In recent years, the media has played a big role in popularizing the term swing states, as the increase in partisan TV channels and news websites has allowed consumers to only listen to like-minded pundits. In contrast, back in the 1960s, there were only a few TV channels. “Those networks converged towards the center to maximize audience share, but now you’ve got lots of different news sources catering to different constituencies and interests,” says Schultz. The proliferation of partisan media sources helped exacerbate the polarization that has contributed to more voters who consistently support either party, he argues.

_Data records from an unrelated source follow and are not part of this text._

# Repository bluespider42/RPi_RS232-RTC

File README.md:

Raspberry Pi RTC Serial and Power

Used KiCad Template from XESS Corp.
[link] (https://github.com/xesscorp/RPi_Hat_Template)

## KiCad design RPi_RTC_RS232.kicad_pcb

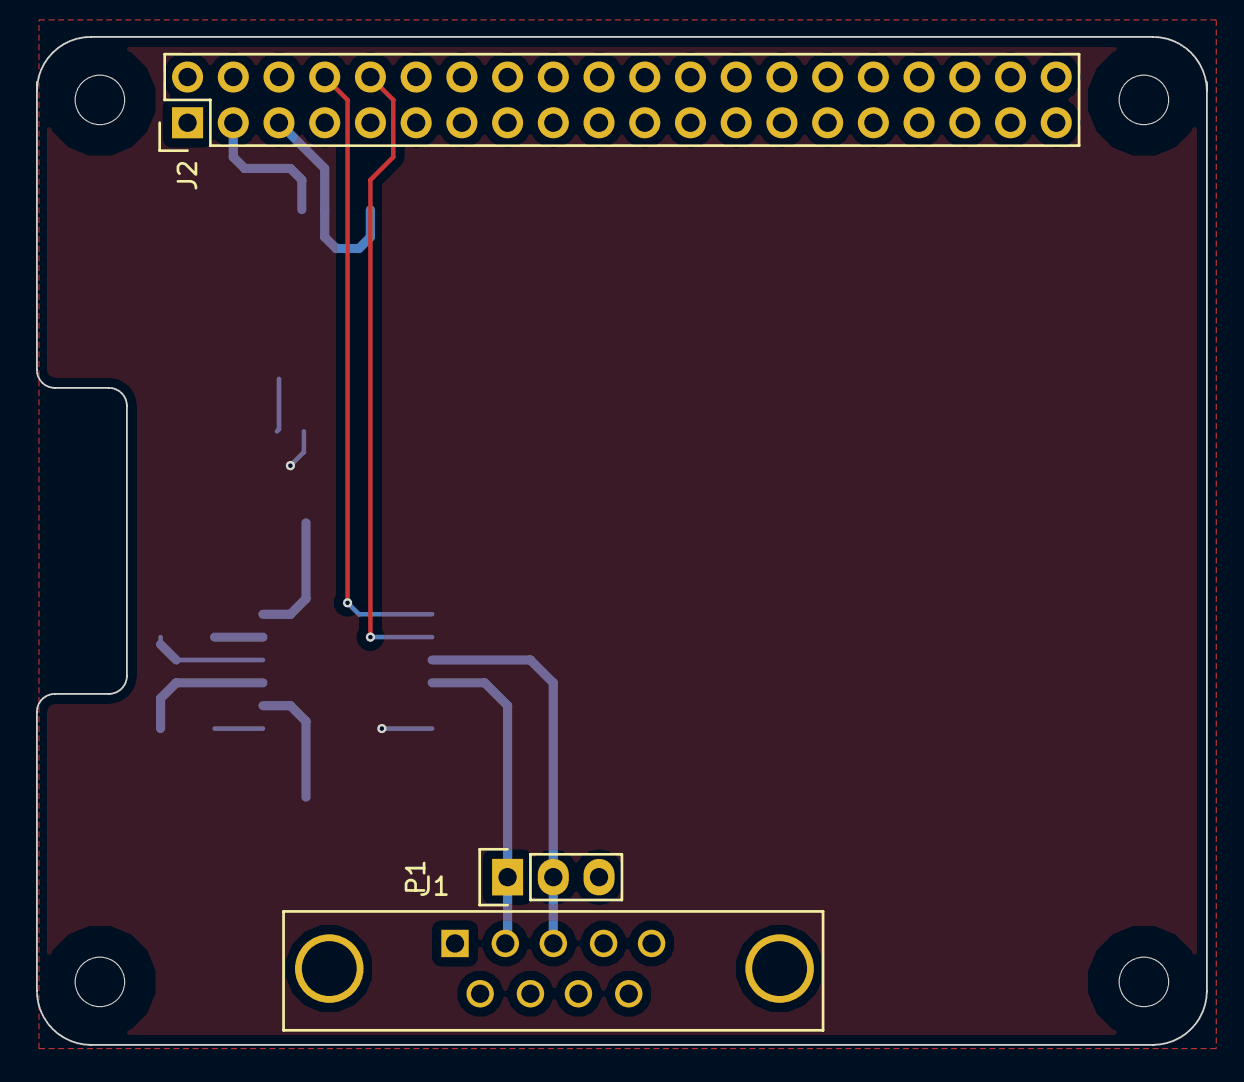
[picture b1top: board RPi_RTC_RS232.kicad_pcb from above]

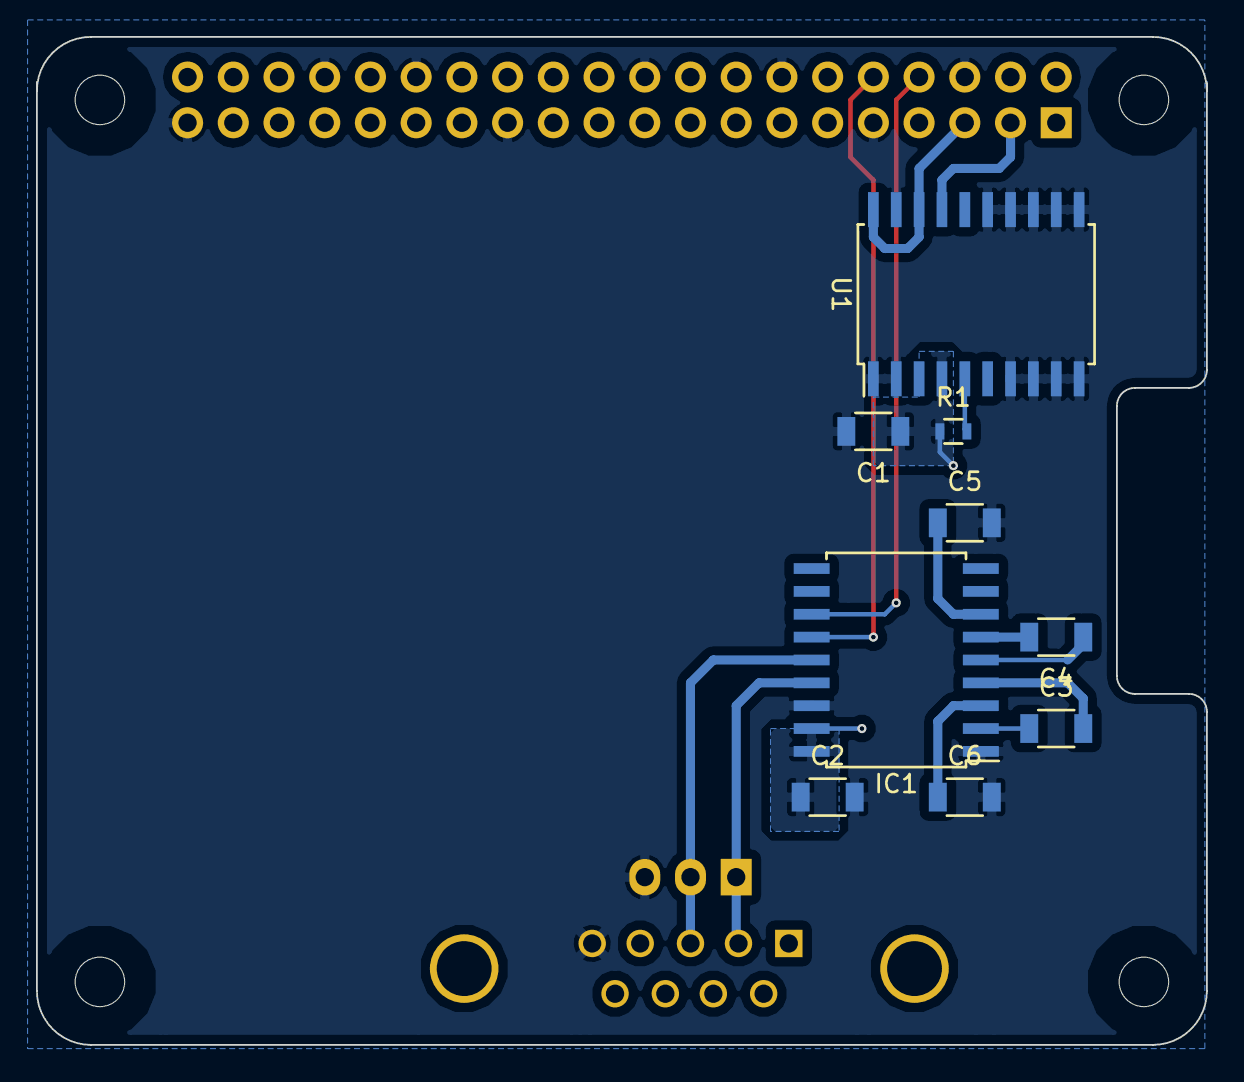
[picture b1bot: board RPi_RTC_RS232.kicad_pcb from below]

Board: 2 copper layers, 65.0 x 56.0 mm, 12 parts (9 on the bottom side), 17 nets.

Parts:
C1: 1uF; C_1206
C2, C3, C4, C5, C6: 0.1uF; C_1206
IC1: MAX3222; SOIC-18_7.5x11.6mm_Pitch1.27mm
J1: DB9; DB9MD
J2: RPi_GPIO; Pin_Header_Straight_2x20
P1: CONN_01X03; Pin_Header_Straight_1x03
R1: R; R_0603
U1: DS3232; SOIC-20_7.5x12.8mm_Pitch1.27mm

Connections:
+3.3VP: J2.1, J2.17
+5VP: J2.2, J2.4
/RPi_GPIO/SCL: J2.5, U1.18, U1.20
/RPi_GPIO/SDA: J2.3, U1.17
/RS232/RPi_R1: IC1.13, J2.10
/RS232/RPi_T1: IC1.12, J2.8
/RS232/RS232_R1: IC1.14, J1.3, P1.2
/RS232/RS232_T1: IC1.15, J1.2, P1.1
/RTC/SQW: R1.2, U1.5
GND: C1.2, C2.2, C5.2, C6.2, IC1.1, IC1.16, J1.5, J2.6, J2.9, J2.14, J2.20, J2.25, J2.30, J2.34, J2.39, P1.3, U1.1, U1.2, U1.7, U1.8, U1.9, U1.10, U1.11, U1.12, U1.13, U1.14, U1.15, U1.19
unnamed: C3.1, IC1.2
unnamed: C3.2, IC1.4
unnamed: C4.1, IC1.5
unnamed: C4.2, IC1.6
unnamed: C5.1, IC1.7
unnamed: C6.1, IC1.3
VCC: C1.1, C2.1, IC1.17, IC1.18, R1.1, U1.4

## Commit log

2015-05-19 schematic and provisional layout for RTC and RS232
2015-05-20 added power and nimh charge IC TODO charge circuit
2015-05-21 added relay based 5v power switch

And that media focus on swing states only increased following the heated 2000 election—which came down to a single state, Florida, and ended in a Supreme Court decision halting a recount of votes in the state—and the 2004 election, when some alleged that purges of the voter rolls in Ohio tipped the result in Bush’s favor. According to the 2015 edition of Presidential Swing States, a keyword search of “swing states” in the New York Times turned up 139 references to the term in the 2000 election, 321 in 2004, 231 in 2008, and 581 in 2012.
Media fascination with swing state coverage is made further possible by the narrowing of the number of swing states and the rise of 24-hour cable news. Swing states also become less expensive to poll, so those polls have proliferated and continued to feed interest in the horse race in key swing states.
So what’s the impact of presidential elections coming down to a handful of swing states on American society?
McLean, for one, argues that the swing state dynamic has exacerbated distrust in American government and institutions that stems back to the 1970s Watergate scandal. “The sad effect is that the majority of voters are largely relegated to the role of spectators,” he says. “It is no wonder, then, that when the same swing states always seem to decide national elections, it can erode the faith that elections are the voice of the people.”